We then wish to solve this model on the timespan t=0.0 to t=10.0, with an initial condition u0=10.0 and parameter p=-0.3. We can then set up the differential equations, solve, and plot as follows

using OrdinaryDiffEq, Plots
u0 = [10.0]
p = [-0.3]
tspan = (0.0, 10.0)
prob = ODEProblem(f, u0, tspan, p)
sol = solve(prob, Tsit5())
plot(sol)

However, what if we wish to consider a random initial condition? Assume u0 is distributed uniformly from -10.0 to 10.0, i.e.,

using Distributions
u0_dist = [Uniform(-10.0, 10.0)]

1-element Vector{Distributions.Uniform{Float64}}:
 Distributions.Uniform{Float64}(a=-10.0, b=10.0)

We can then run a Monte Carlo simulation of 100,000 trajectories by solving an EnsembleProblem.

prob_func(prob, i, repeat) = remake(prob, u0 = rand.(u0_dist))
ensemble_prob = EnsembleProblem(prob, prob_func = prob_func)

ensemblesol = solve(ensemble_prob, Tsit5(), EnsembleThreads(), trajectories = 100000)

EnsembleSolution Solution of length 100000 with uType:
ODESolution{Float64, 2, Vector{Vector{Float64}}, Nothing, Nothing, Vector{Float64}, Vector{Vector{Vector{Float64}}}, ODEProblem{Vector{Float64}, Tuple{Float64, Float64}, false, Vector{Float64}, ODEFunction{false, SciMLBase.AutoSpecialize, typeof(Main.f), LinearAlgebra.UniformScaling{Bool}, Nothing, Nothing, Nothing, Nothing, Nothing, Nothing, Nothing, Nothing, Nothing, Nothing, Nothing, typeof(SciMLBase.DEFAULT_OBSERVED), Nothing, Nothing, Nothing, Nothing}, Base.Pairs{Symbol, Union{}, Tuple{}, @NamedTuple{}}, SciMLBase.StandardODEProblem}, OrdinaryDiffEq.Tsit5{typeof(OrdinaryDiffEq.trivial_limiter!), typeof(OrdinaryDiffEq.trivial_limiter!), Static.False}, OrdinaryDiffEq.InterpolationData{ODEFunction{false, SciMLBase.AutoSpecialize, typeof(Main.f), LinearAlgebra.UniformScaling{Bool}, Nothing, Nothing, Nothing, Nothing, Nothing, Nothing, Nothing, Nothing, Nothing, Nothing, Nothing, typeof(SciMLBase.DEFAULT_OBSERVED), Nothing, Nothing, Nothing, Nothing}, Vector{Vector{Float64}}, Vector{Float64}, Vector{Vector{Vector{Float64}}}, Nothing, OrdinaryDiffEq.Tsit5ConstantCache, Nothing}, SciMLBase.DEStats, Nothing, Nothing, Nothing}

Plotting a summary of the trajectories produces

summ = EnsembleSummary(ensemblesol)
plot(summ)

Given the ensemble solution, we can then compute the expectation of a function $g\left(\text{sol},p\right)$ of the system state u at any time in the timespan, e.g., the state itself at t=4.0 as

g(sol, p) = sol(4.0)
mean([g(sol, prob.p) for sol in ensemblesol])

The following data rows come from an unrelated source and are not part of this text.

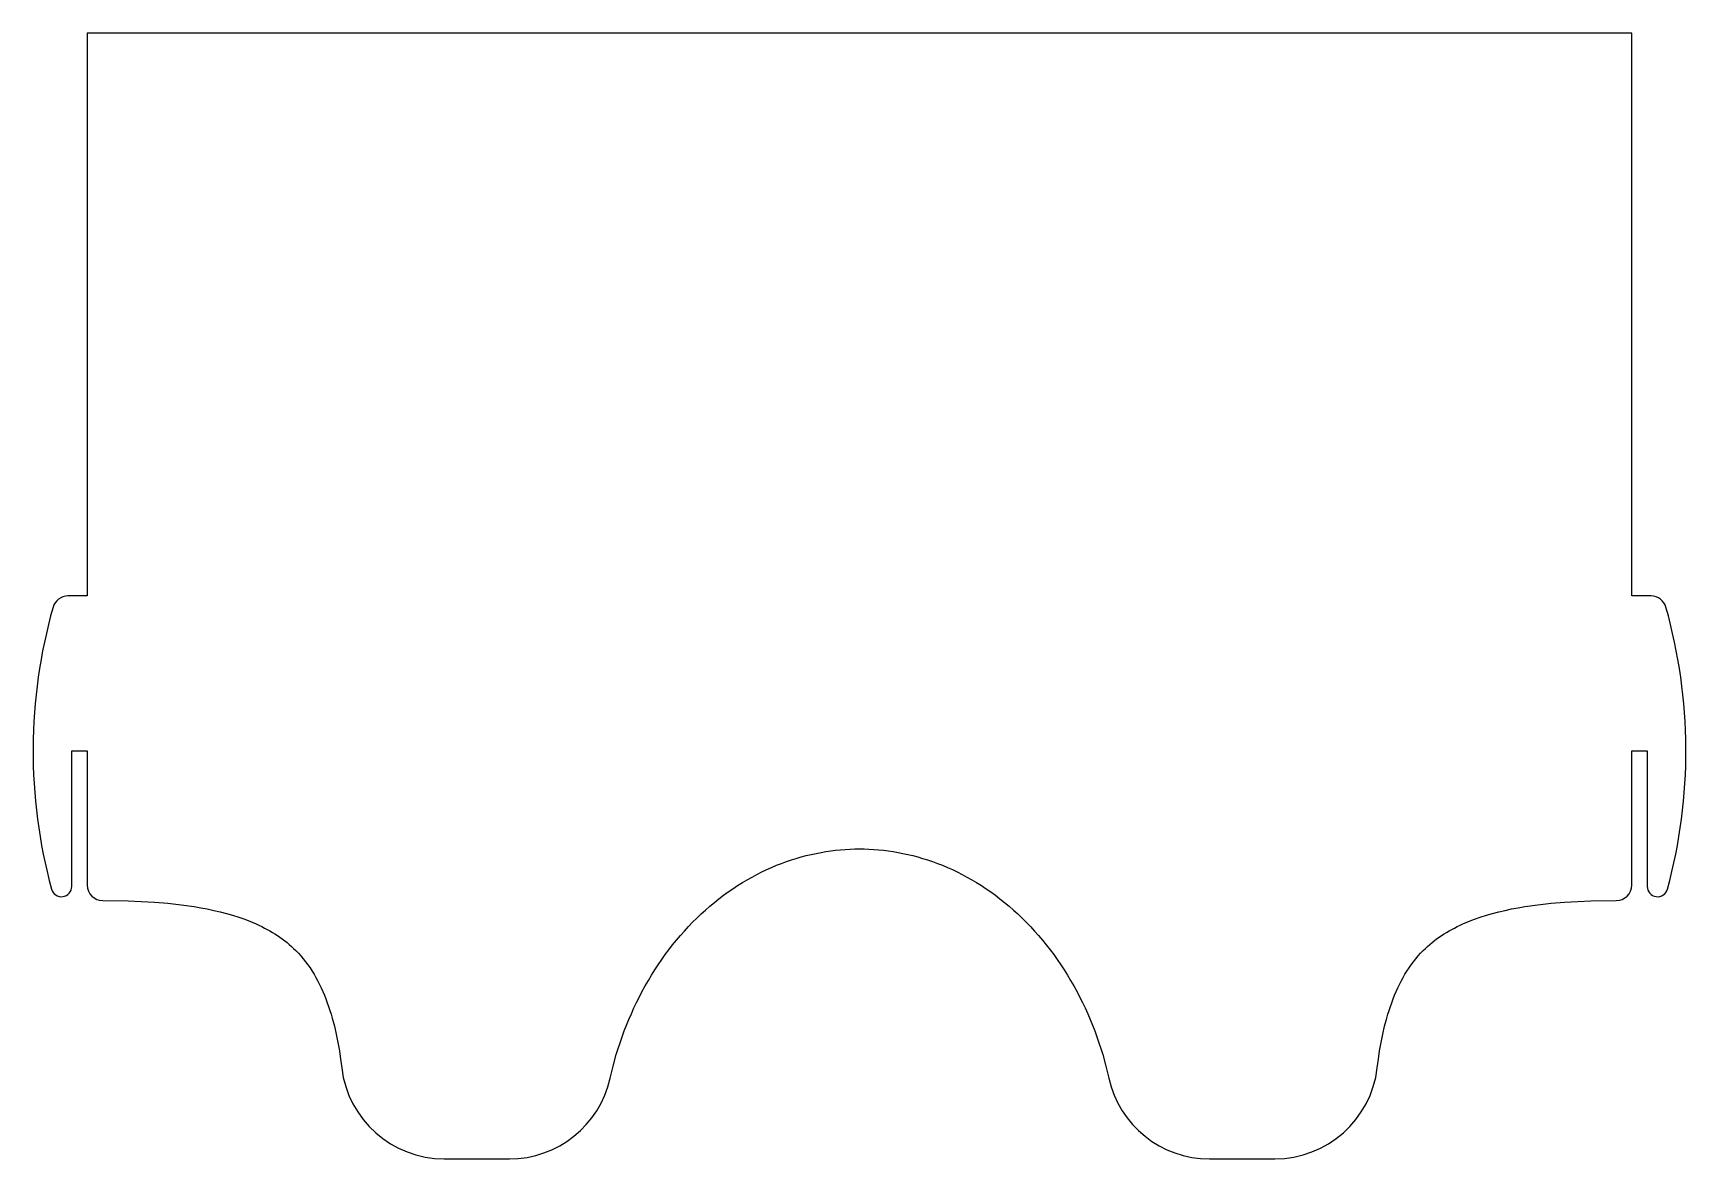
# Model space of a CAD drawing. Extents: x -1054 to -734, y -1625 to -1407.
import ezdxf

# ---------------------------------------------------------------- set-up
doc = ezdxf.new("R2010")
doc.units = 0
doc.layers.add('FAB_3$PI_PROJECTOR$PANEL-P', color=216, linetype='CONTINUOUS')

msp = doc.modelspace()

# ---------------------------------------------------------------- linework, layer by layer
at = {"layer": 'FAB_3$PI_PROJECTOR$PANEL-P'}
for p, q in [((-744.3, -1406.64), (-1043.3, -1406.64)), ((-1043.3, -1406.64), (-1043.3, -1515.58)), ((-744.3, -1515.58), (-744.3, -1406.64)), ((-1043.3, -1515.58), (-1047.04, -1515.58)), ((-740.55, -1515.58), (-744.3, -1515.58)), ((-1046.3, -1571.78), (-1046.3, -1545.56)), ((-1046.3, -1545.56), (-1043.3, -1545.56)), ((-1043.3, -1545.56), (-1043.3, -1571.53)), ((-744.3, -1545.56), (-741.3, -1545.56)), ((-744.3, -1571.53), (-744.3, -1545.56)), ((-741.3, -1545.56), (-741.3, -1571.78)), ((-899.36, -1564.9), (-898.42, -1564.79)), ((-898.42, -1564.79), (-897.48, -1564.7)), ((-897.48, -1564.7), (-896.55, -1564.62)), ((-896.55, -1564.62), (-895.63, -1564.57)), ((-895.63, -1564.57), (-894.71, -1564.54)), ((-894.71, -1564.54), (-893.8, -1564.53)), ((-893.8, -1564.53), (-892.89, -1564.54)), ((-892.89, -1564.54), (-891.97, -1564.57)), ((-891.97, -1564.57), (-891.04, -1564.62)), ((-891.04, -1564.62), (-890.11, -1564.7)), ((-890.11, -1564.7), (-889.18, -1564.79)), ((-889.18, -1564.79), (-888.24, -1564.9)), ((-910.82, -1568.12), (-909.86, -1567.71)), ((-909.86, -1567.71), (-908.91, -1567.34)), ((-908.91, -1567.34), (-907.95, -1566.99)), ((-907.95, -1566.99), (-906.99, -1566.66)), ((-906.99, -1566.66), (-906.03, -1566.36)), ((-906.03, -1566.36), (-905.07, -1566.08)), ((-905.07, -1566.08), (-904.11, -1565.82)), ((-904.11, -1565.82), (-903.16, -1565.59)), ((-903.16, -1565.59), (-902.2, -1565.39)), ((-902.2, -1565.39), (-901.25, -1565.2)), ((-901.25, -1565.2), (-900.3, -1565.04)), ((-900.3, -1565.04), (-899.36, -1564.9)), ((-888.24, -1564.9), (-887.29, -1565.04)), ((-887.29, -1565.04), (-886.34, -1565.2)), ((-886.34, -1565.2), (-885.39, -1565.39)), ((-885.39, -1565.39), (-884.44, -1565.59)), ((-884.44, -1565.59), (-883.48, -1565.82)), ((-883.48, -1565.82), (-882.53, -1566.08)), ((-882.53, -1566.08), (-881.57, -1566.36)), ((-881.57, -1566.36), (-880.61, -1566.66)), ((-880.61, -1566.66), (-879.65, -1566.99)), ((-879.65, -1566.99), (-878.69, -1567.34)), ((-878.69, -1567.34), (-877.73, -1567.71)), ((-877.73, -1567.71), (-876.78, -1568.12)), ((-917.39, -1571.63), (-916.47, -1571.05)), ((-916.47, -1571.05), (-915.54, -1570.5)), ((-915.54, -1570.5), (-914.61, -1569.97)), ((-914.61, -1569.97), (-913.67, -1569.47)), ((-913.67, -1569.47), (-912.72, -1568.99)), ((-912.72, -1568.99), (-911.77, -1568.54)), ((-911.77, -1568.54), (-910.82, -1568.12)), ((-876.78, -1568.12), (-875.82, -1568.54)), ((-875.82, -1568.54), (-874.88, -1568.99)), ((-874.88, -1568.99), (-873.93, -1569.47)), ((-873.93, -1569.47), (-872.99, -1569.97)), ((-872.99, -1569.97), (-872.06, -1570.5)), ((-872.06, -1570.5), (-871.13, -1571.05)), ((-871.13, -1571.05), (-870.2, -1571.63)), ((-921.88, -1574.89), (-921, -1574.19)), ((-921, -1574.19), (-920.11, -1573.51)), ((-920.11, -1573.51), (-919.21, -1572.86)), ((-919.21, -1572.86), (-918.31, -1572.23)), ((-918.31, -1572.23), (-917.39, -1571.63)), ((-870.2, -1571.63), (-869.29, -1572.23)), ((-869.29, -1572.23), (-868.38, -1572.86)), ((-868.38, -1572.86), (-867.49, -1573.51)), ((-867.49, -1573.51), (-866.6, -1574.19)), ((-866.6, -1574.19), (-865.72, -1574.89)), ((-1040.31, -1574.53), (-1035.39, -1574.6)), ((-1035.39, -1574.6), (-1032.86, -1574.7)), ((-1032.86, -1574.7), (-1030.3, -1574.85)), ((-1030.3, -1574.85), (-1027.72, -1575.06)), ((-1027.72, -1575.06), (-1025.14, -1575.34)), ((-1025.14, -1575.34), (-1022.58, -1575.7)), ((-1022.58, -1575.7), (-1021.31, -1575.92)), ((-1021.31, -1575.92), (-1020.06, -1576.16)), ((-1020.06, -1576.16), (-1018.81, -1576.42)), ((-1018.81, -1576.42), (-1017.58, -1576.71)), ((-1017.58, -1576.71), (-1016.36, -1577.03)), ((-1016.36, -1577.03), (-1015.17, -1577.37)), ((-1015.17, -1577.37), (-1013.99, -1577.75)), ((-925.28, -1577.92), (-924.45, -1577.12)), ((-924.45, -1577.12), (-923.6, -1576.36)), ((-923.6, -1576.36), (-922.75, -1575.61)), ((-922.75, -1575.61), (-921.88, -1574.89)), ((-865.72, -1574.89), (-864.85, -1575.61)), ((-864.85, -1575.61), (-864, -1576.36)), ((-864, -1576.36), (-863.15, -1577.12)), ((-863.15, -1577.12), (-862.32, -1577.92)), ((-773.61, -1577.75), (-772.43, -1577.37)), ((-772.43, -1577.37), (-771.23, -1577.03)), ((-771.23, -1577.03), (-770.02, -1576.71)), ((-770.02, -1576.71), (-768.79, -1576.42)), ((-768.79, -1576.42), (-767.54, -1576.16)), ((-767.54, -1576.16), (-766.28, -1575.92)), ((-766.28, -1575.92), (-765.01, -1575.7)), ((-765.01, -1575.7), (-762.46, -1575.34)), ((-762.46, -1575.34), (-759.88, -1575.06)), ((-759.88, -1575.06), (-757.3, -1574.85)), ((-757.3, -1574.85), (-754.74, -1574.7)), ((-754.74, -1574.7), (-752.2, -1574.6)), ((-752.2, -1574.6), (-747.29, -1574.53)), ((-1013.99, -1577.75), (-1012.83, -1578.15)), ((-1012.83, -1578.15), (-1011.7, -1578.59)), ((-1011.7, -1578.59), (-1010.6, -1579.06)), ((-1010.6, -1579.06), (-1010.06, -1579.31)), ((-1010.06, -1579.31), (-1009.52, -1579.57)), ((-1009.52, -1579.57), (-1009, -1579.84)), ((-1009, -1579.84), (-1008.48, -1580.11)), ((-1008.48, -1580.11), (-1007.97, -1580.4)), ((-1007.97, -1580.4), (-1007.46, -1580.69)), ((-1007.46, -1580.69), (-1006.97, -1580.99)), ((-928.46, -1581.29), (-927.69, -1580.42)), ((-927.69, -1580.42), (-926.9, -1579.56)), ((-926.9, -1579.56), (-926.1, -1578.73)), ((-926.1, -1578.73), (-925.28, -1577.92)), ((-862.32, -1577.92), (-861.5, -1578.73)), ((-861.5, -1578.73), (-860.7, -1579.56)), ((-860.7, -1579.56), (-859.91, -1580.42)), ((-859.91, -1580.42), (-859.13, -1581.29)), ((-780.63, -1580.99), (-780.13, -1580.69)), ((-780.13, -1580.69), (-779.63, -1580.4)), ((-779.63, -1580.4), (-779.12, -1580.11)), ((-779.12, -1580.11), (-778.6, -1579.84)), ((-778.6, -1579.84), (-778.07, -1579.57)), ((-778.07, -1579.57), (-777.54, -1579.31)), ((-777.54, -1579.31), (-777, -1579.06)), ((-777, -1579.06), (-775.89, -1578.59)), ((-775.89, -1578.59), (-774.76, -1578.15)), ((-774.76, -1578.15), (-773.61, -1577.75)), ((-1006.97, -1580.99), (-1006.48, -1581.31)), ((-1006.48, -1581.31), (-1006.01, -1581.63)), ((-1006.01, -1581.63), (-1005.54, -1581.96)), ((-1005.54, -1581.96), (-1005.08, -1582.31)), ((-1005.08, -1582.31), (-1004.63, -1582.66)), ((-1004.63, -1582.66), (-1004.19, -1583.02)), ((-1004.19, -1583.02), (-1003.77, -1583.4)), ((-1003.77, -1583.4), (-1003.35, -1583.78)), ((-1003.35, -1583.78), (-1002.94, -1584.18)), ((-930.69, -1584.04), (-929.97, -1583.1)), ((-929.97, -1583.1), (-929.22, -1582.19)), ((-929.22, -1582.19), (-928.46, -1581.29)), ((-859.13, -1581.29), (-858.37, -1582.19)), ((-858.37, -1582.19), (-857.63, -1583.1)), ((-857.63, -1583.1), (-856.9, -1584.04)), ((-784.65, -1584.18), (-784.25, -1583.78)), ((-784.25, -1583.78), (-783.83, -1583.4)), ((-783.83, -1583.4), (-783.4, -1583.02)), ((-783.4, -1583.02), (-782.96, -1582.66)), ((-782.96, -1582.66), (-782.52, -1582.31)), ((-782.52, -1582.31), (-782.06, -1581.96)), ((-782.06, -1581.96), (-781.59, -1581.63)), ((-781.59, -1581.63), (-781.11, -1581.31)), ((-781.11, -1581.31), (-780.63, -1580.99)), ((-1002.94, -1584.18), (-1002.44, -1584.7)), ((-1002.44, -1584.7), (-1001.96, -1585.23)), ((-1001.96, -1585.23), (-1001.49, -1585.79)), ((-1001.49, -1585.79), (-1001.04, -1586.36)), ((-1001.04, -1586.36), (-1000.6, -1586.95)), ((-1000.6, -1586.95), (-1000.18, -1587.55)), ((-933.42, -1587.94), (-932.77, -1586.94)), ((-932.77, -1586.94), (-932.09, -1585.96)), ((-932.09, -1585.96), (-931.4, -1584.99)), ((-931.4, -1584.99), (-930.69, -1584.04)), ((-856.9, -1584.04), (-856.19, -1584.99)), ((-856.19, -1584.99), (-855.5, -1585.96)), ((-855.5, -1585.96), (-854.83, -1586.94)), ((-854.83, -1586.94), (-854.17, -1587.94)), ((-787.41, -1587.55), (-786.99, -1586.95)), ((-786.99, -1586.95), (-786.56, -1586.36)), ((-786.56, -1586.36), (-786.11, -1585.79)), ((-786.11, -1585.79), (-785.64, -1585.23)), ((-785.64, -1585.23), (-785.16, -1584.7)), ((-785.16, -1584.7), (-784.65, -1584.18)), ((-1000.18, -1587.55), (-999.78, -1588.17)), ((-999.78, -1588.17), (-999.4, -1588.8)), ((-999.4, -1588.8), (-999.03, -1589.44)), ((-999.03, -1589.44), (-998.67, -1590.1)), ((-998.67, -1590.1), (-998.33, -1590.77)), ((-935.28, -1591.03), (-934.68, -1589.99)), ((-934.68, -1589.99), (-934.06, -1588.96)), ((-934.06, -1588.96), (-933.42, -1587.94)), ((-854.17, -1587.94), (-853.53, -1588.96)), ((-853.53, -1588.96), (-852.92, -1589.99)), ((-852.92, -1589.99), (-852.32, -1591.03)), ((-789.27, -1590.77), (-788.93, -1590.1)), ((-788.93, -1590.1), (-788.57, -1589.44)), ((-788.57, -1589.44), (-788.2, -1588.8)), ((-788.2, -1588.8), (-787.81, -1588.17)), ((-787.81, -1588.17), (-787.41, -1587.55)), ((-998.33, -1590.77), (-998, -1591.45)), ((-998, -1591.45), (-997.69, -1592.15)), ((-997.69, -1592.15), (-997.39, -1592.85)), ((-997.39, -1592.85), (-997.11, -1593.57)), ((-997.11, -1593.57), (-996.84, -1594.3)), ((-936.96, -1594.24), (-936.42, -1593.16)), ((-936.42, -1593.16), (-935.86, -1592.09)), ((-935.86, -1592.09), (-935.28, -1591.03)), ((-852.32, -1591.03), (-851.74, -1592.09)), ((-851.74, -1592.09), (-851.18, -1593.16)), ((-851.18, -1593.16), (-850.64, -1594.24)), ((-790.76, -1594.3), (-790.49, -1593.57)), ((-790.49, -1593.57), (-790.2, -1592.85)), ((-790.2, -1592.85), (-789.91, -1592.15)), ((-789.91, -1592.15), (-789.59, -1591.45)), ((-789.59, -1591.45), (-789.27, -1590.77)), ((-996.84, -1594.3), (-996.58, -1595.03)), ((-996.58, -1595.03), (-996.33, -1595.78)), ((-996.33, -1595.78), (-996.1, -1596.53)), ((-996.1, -1596.53), (-995.88, -1597.29)), ((-938.45, -1597.53), (-937.97, -1596.42)), ((-937.97, -1596.42), (-937.47, -1595.32)), ((-937.47, -1595.32), (-936.96, -1594.24)), ((-850.64, -1594.24), (-850.12, -1595.32)), ((-850.12, -1595.32), (-849.62, -1596.42)), ((-849.62, -1596.42), (-849.15, -1597.53)), ((-791.72, -1597.29), (-791.5, -1596.53)), ((-791.5, -1596.53), (-791.26, -1595.78)), ((-791.26, -1595.78), (-791.02, -1595.03)), ((-791.02, -1595.03), (-790.76, -1594.3)), ((-995.88, -1597.29), (-995.47, -1598.84)), ((-995.47, -1598.84), (-995.11, -1600.41)), ((-939.76, -1600.9), (-939.34, -1599.77)), ((-939.34, -1599.77), (-938.91, -1598.65)), ((-938.91, -1598.65), (-938.45, -1597.53)), ((-849.15, -1597.53), (-848.69, -1598.65)), ((-848.69, -1598.65), (-848.25, -1599.77)), ((-848.25, -1599.77), (-847.84, -1600.9)), ((-792.49, -1600.41), (-792.13, -1598.84)), ((-792.13, -1598.84), (-791.72, -1597.29)), ((-995.11, -1600.41), (-994.78, -1602.01)), ((-994.78, -1602.01), (-994.5, -1603.62)), ((-940.88, -1604.32), (-940.52, -1603.18)), ((-940.52, -1603.18), (-940.15, -1602.04)), ((-940.15, -1602.04), (-939.76, -1600.9)), ((-847.84, -1600.9), (-847.45, -1602.04)), ((-847.45, -1602.04), (-847.07, -1603.18)), ((-847.07, -1603.18), (-846.72, -1604.32)), ((-793.1, -1603.62), (-792.81, -1602.01)), ((-792.81, -1602.01), (-792.49, -1600.41)), ((-994.5, -1603.62), (-994.25, -1605.25)), ((-994.25, -1605.25), (-994.04, -1606.89)), ((-941.52, -1606.61), (-940.88, -1604.32)), ((-846.72, -1604.32), (-846.08, -1606.61)), ((-793.55, -1606.89), (-793.34, -1605.25)), ((-793.34, -1605.25), (-793.1, -1603.62)), ((-942.08, -1608.92), (-941.52, -1606.61)), ((-846.08, -1606.61), (-845.52, -1608.92)), ((-974.18, -1624.53), (-961.59, -1624.53)), ((-826.01, -1624.53), (-813.41, -1624.53))]:
    msp.add_line(p, q, dxfattribs=at)
for centre, radius, start, end in [((-1047.04, -1518.58), 3, 90, 164.4621), ((-740.55, -1518.58), 3, 15.5379, 90), ((-951.94, -1545.57), 101.86, 164.1658, 195.209), ((-835.66, -1545.57), 101.86, 344.791, 15.8342), ((-1048.3, -1571.78), 2, 194.9559, 360), ((-1040.3, -1571.53), 3, 180, 269.8224), ((-747.3, -1571.53), 3, 270.1776, 0), ((-739.3, -1571.78), 2, 180, 345.0441), ((-974.18, -1604.53), 20, 186.7633, 270), ((-961.59, -1604.53), 20, 270, 347.3394), ((-826.01, -1604.53), 20, 192.6606, 270), ((-813.41, -1604.53), 20, 270, 353.2367)]:
    msp.add_arc(centre, radius, start, end, dxfattribs=at)

doc.saveas('drawing.dxf')

1-element Vector{Float64}:
 0.008069673289187616

Alternatively, SciMLExpectations.jl offers a convenient interface for this type of calculation, using ExpectationProblem.

using SciMLExpectations
gd = GenericDistribution(u0_dist...)
h(x, u, p) = x, p
sm = SystemMap(prob, Tsit5())
exprob = ExpectationProblem(sm, g, h, gd)
sol = solve(exprob, MonteCarlo(100000))
sol.u

1-element Vector{Float64}:
 0.007951213855970942

ExpectationProblem takes a SystemMap, which contains the ODEProblem that we are working with, and how to solve it. The function of interest $g$, which maps the solution of the ODEProblem to the quantities you want to take the expectation of, in this case the state after 4 seconds. A GenericDistribution containing all the aspects of the dynamical system you are uncertain about, in this example this is the initial condition. The function $h$, which maps a realization of the uncertainty space to the initial conditions and parameters of the ODEProblem. Here, only the initial conditions are uncertain, while the parameters are deterministic. See further down for an example with both uncertain initial conditions and parameters.

The ExpectationProblem can then be solved using an AbstractExpectationAlgorithm. Here we use MonteCarlo() to use the Monte Carlo algorithm. Recall, that u0_dist = [Uniform(-10.0,10.0)], while p = [-0.3]. From this specification, the expectation is solved as

\[\mathbb{E}\left[g\left(S\left(h\left(x,u_0,p\right)\right)\right)\vert x\sim \text{gd}\right]\]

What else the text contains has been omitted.